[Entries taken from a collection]
= = =

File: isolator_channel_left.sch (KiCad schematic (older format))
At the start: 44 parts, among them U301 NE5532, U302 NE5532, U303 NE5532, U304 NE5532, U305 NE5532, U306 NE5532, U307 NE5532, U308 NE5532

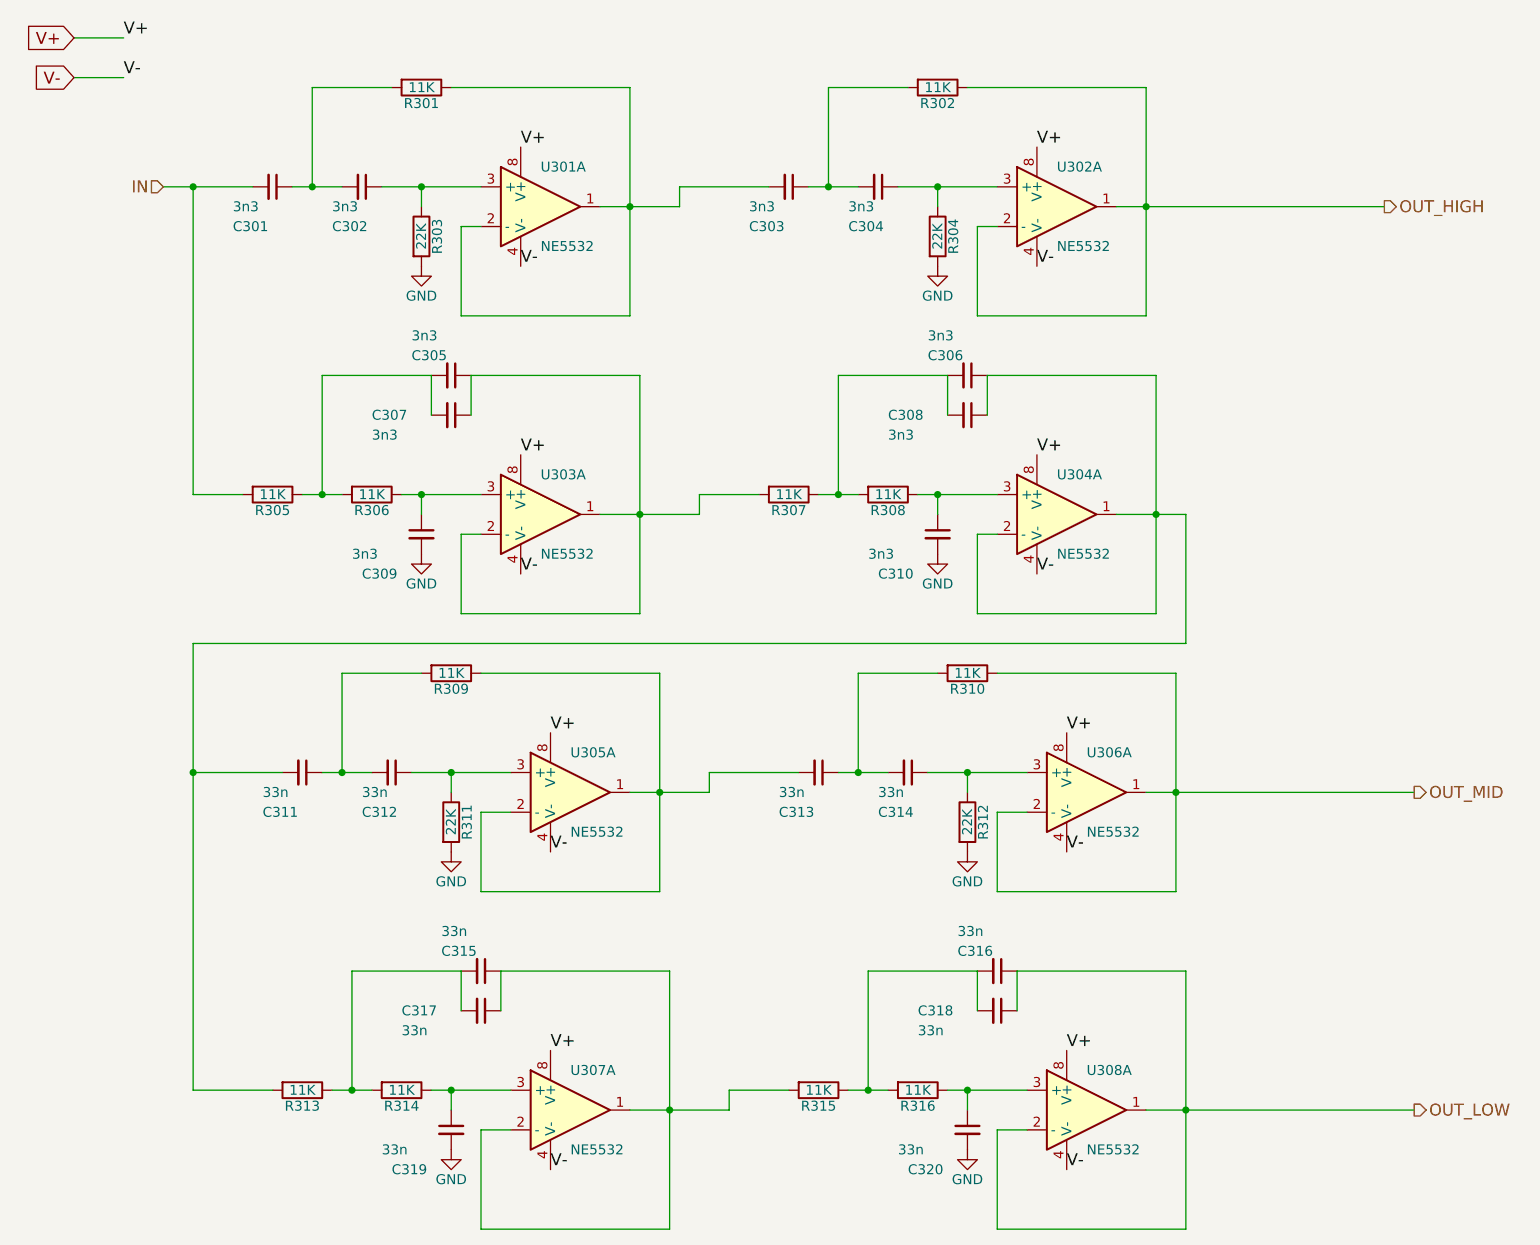
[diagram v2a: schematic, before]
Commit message: Updated components references and properties
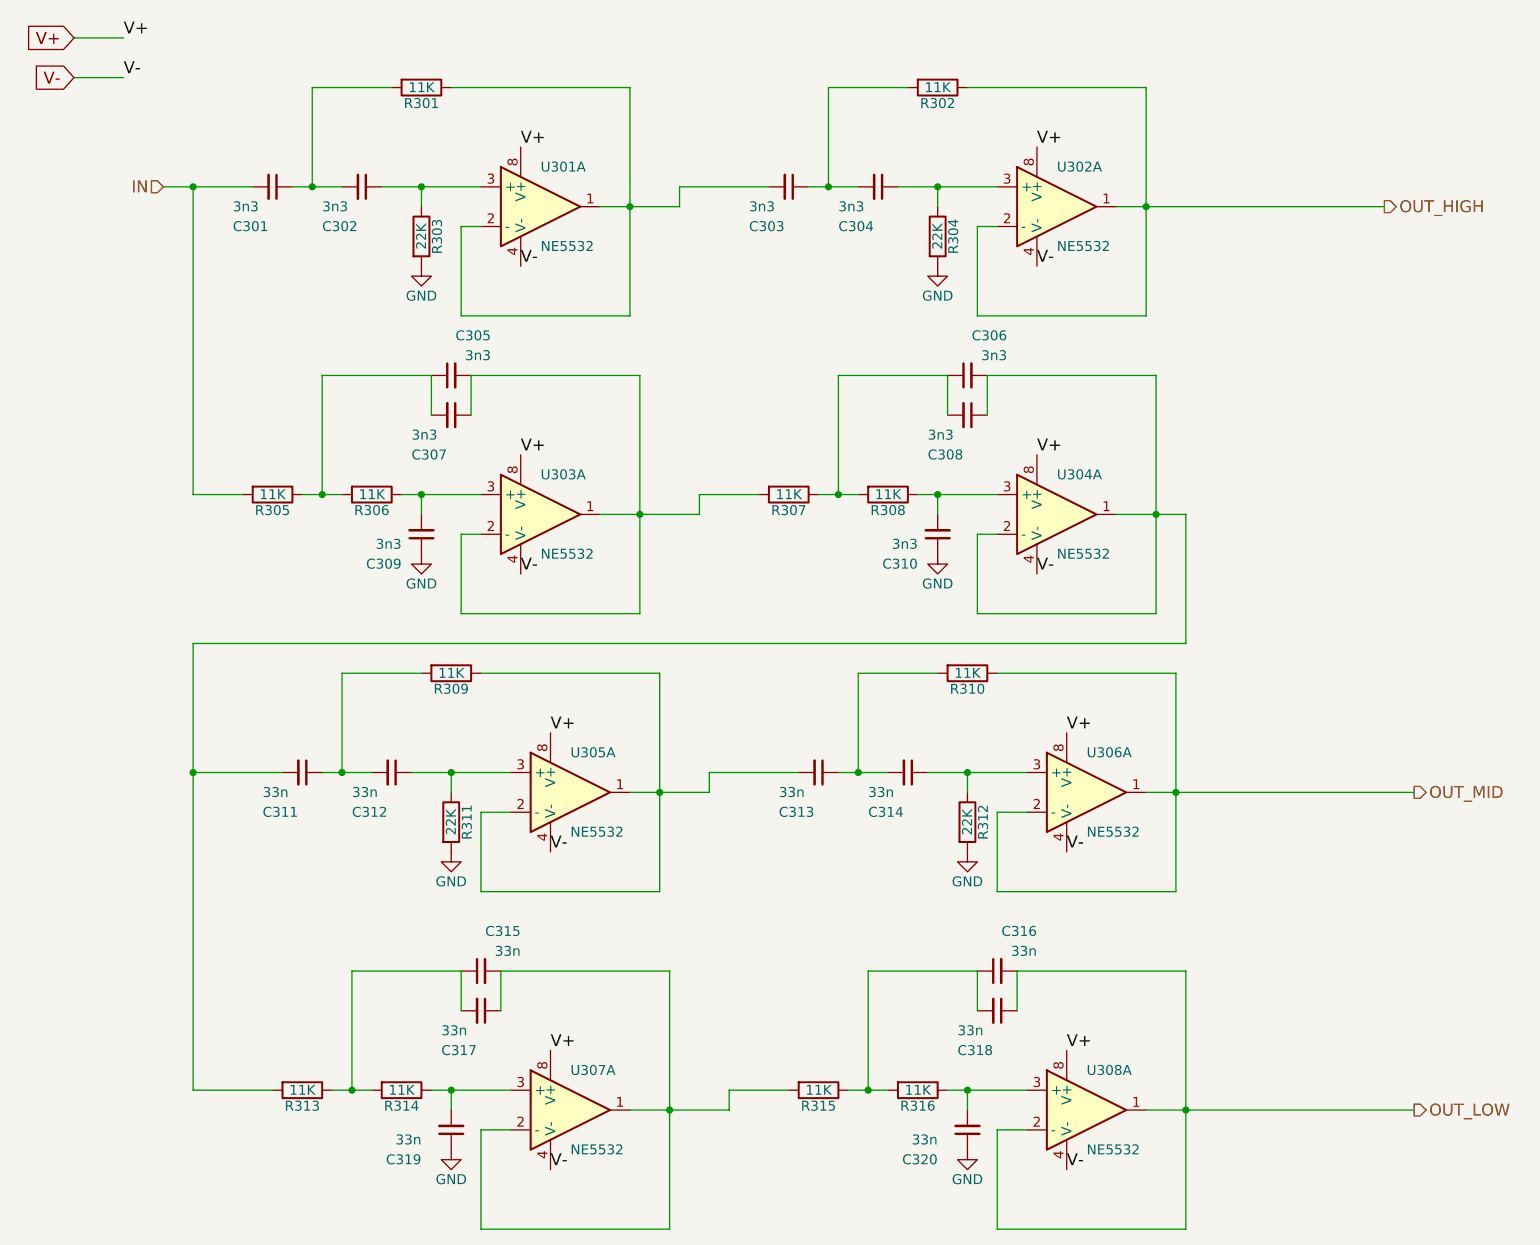
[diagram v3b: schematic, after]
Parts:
- removed C202, C203, C204, C205, C206, C207, C208, C209, C210: 3n3, Capacitors_THT:C_Rect_L7.0mm_W3.5mm_P5.00mm, symbol C_Small
- removed C211, C212, C213, C214, C215, C216, C217, C218, C219, C220: 33n, Capacitors_THT:C_Rect_L7.0mm_W3.5mm_P5.00mm, symbol C_Small
- removed R201, R202, R205, R206, R207, R208, R209, R210, R213, R214, R215, R216: 11K, Resistors_THT:R_Axial_DIN0204_L3.6mm_D1.6mm_P5.08mm_Horizontal, symbol R
- removed R204, R211, R212: 22K, Resistors_THT:R_Axial_DIN0204_L3.6mm_D1.6mm_P5.08mm_Horizontal, symbol R
- added C302, C303, C304, C305, C306, C307, C308, C309, C310: 3n3, Capacitors_THT:C_Rect_L7.0mm_W2.5mm_P5.00mm, symbol C_Small
- added C311, C312, C313, C314, C315, C316, C317, C318, C319, C320: 33n, Capacitors_THT:C_Rect_L7.0mm_W3.5mm_P5.00mm, symbol C_Small
- added R301, R302, R305, R306, R307, R308, R309, R310, R313, R314, R315, R316: 11K, Resistors_THT:R_Axial_DIN0204_L3.6mm_D1.6mm_P5.08mm_Horizontal, symbol R
- added R304, R311, R312: 22K, Resistors_THT:R_Axial_DIN0204_L3.6mm_D1.6mm_P5.08mm_Horizontal, symbol R
- C201: footprint Capacitors_THT:C_Rect_L7.0mm_W3.5mm_P5.00mm -> Capacitors_THT:C_Rect_L7.0mm_W2.5mm_P5.00mm; Description (none) -> Condensateurs à film 100volts 3300pF 5%; Distributor (none) -> Mouser; Distributor Part # (none) -> 80-R82EC1330JE50J; Manufacturer (none) -> Kemet; Mfg_Part_# (none) -> R82EC1330JE50J; Package (none) -> 2-THT
- R203: Description (none) -> Résistances à couche métallique - Trou traversant 1/3watts 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; Distributor (none) -> Mouser; Distributor Part # (none) -> 71-CCF50-J-22K; Manufacturer (none) -> Vishay / Dale; Mfg_Part_# (none) -> CCF5022K0JKR36; Package (none) -> DIN0204
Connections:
- net GND: now also C309.1, C310.1, C319.1, C320.1, R304.2, R311.2, R312.2
- net IN: now also R305.2
- net OUT_HIGH: now also R302.1
- net OUT_LOW: now also C316.2, C318.1
- net OUT_MID: now also R310.1
- net at R203.1, U301.3 (+): now also C302.1
- net at C201.1: now also C302.2, R301.2
- net at U302.3 (+): now also C304.1, R304.1
- net at U301.1, U301.2 (-): now also C303.2, R301.1
- net at U303.3 (+): now also C309.2, R306.1
- net at U303.1, U303.2 (-): now also C305.2, C307.1, R307.2
- net at U304.3 (+): now also C310.2, R308.1
- net at U304.1, U304.2 (-): now also C306.2, C308.1, C311.2, R313.2
- net at U305.3 (+): now also C312.1, R311.1
- net at U306.3 (+): now also C314.1, R312.1
- net at U305.1, U305.2 (-): now also C313.2, R309.1
- net at U307.3 (+): now also C319.2, R314.1
- net at U307.1, U307.2 (-): now also C315.2, C317.1, R315.2
- net at U308.3 (+): now also C320.2, R316.1
- new net: C303.1, C304.2, R302.2
- new net: C305.1, C307.2, R305.1, R306.2
- new net: C306.1, C308.2, R307.1, R308.2
- new net: C311.1, C312.2, R309.2
- new net: C313.1, C314.2, R310.2
- new net: C315.1, C317.2, R313.1, R314.2
- new net: C316.1, C318.2, R315.1, R316.2

= = =

• **WHAT THIS TASK INVOLVES**:
Reproduce nothing but the lines from the line containing "- net at U303.3 (+): now also C309.2, R306.1" to the last line of the data, each exactly as written.

• **WRITTEN RESPONSE**:
- net at U303.3 (+): now also C309.2, R306.1
- net at U303.1, U303.2 (-): now also C305.2, C307.1, R307.2
- net at U304.3 (+): now also C310.2, R308.1
- net at U304.1, U304.2 (-): now also C306.2, C308.1, C311.2, R313.2
- net at U305.3 (+): now also C312.1, R311.1
- net at U306.3 (+): now also C314.1, R312.1
- net at U305.1, U305.2 (-): now also C313.2, R309.1
- net at U307.3 (+): now also C319.2, R314.1
- net at U307.1, U307.2 (-): now also C315.2, C317.1, R315.2
- net at U308.3 (+): now also C320.2, R316.1
- new net: C303.1, C304.2, R302.2
- new net: C305.1, C307.2, R305.1, R306.2
- new net: C306.1, C308.2, R307.1, R308.2
- new net: C311.1, C312.2, R309.2
- new net: C313.1, C314.2, R310.2
- new net: C315.1, C317.2, R313.1, R314.2
- new net: C316.1, C318.2, R315.1, R316.2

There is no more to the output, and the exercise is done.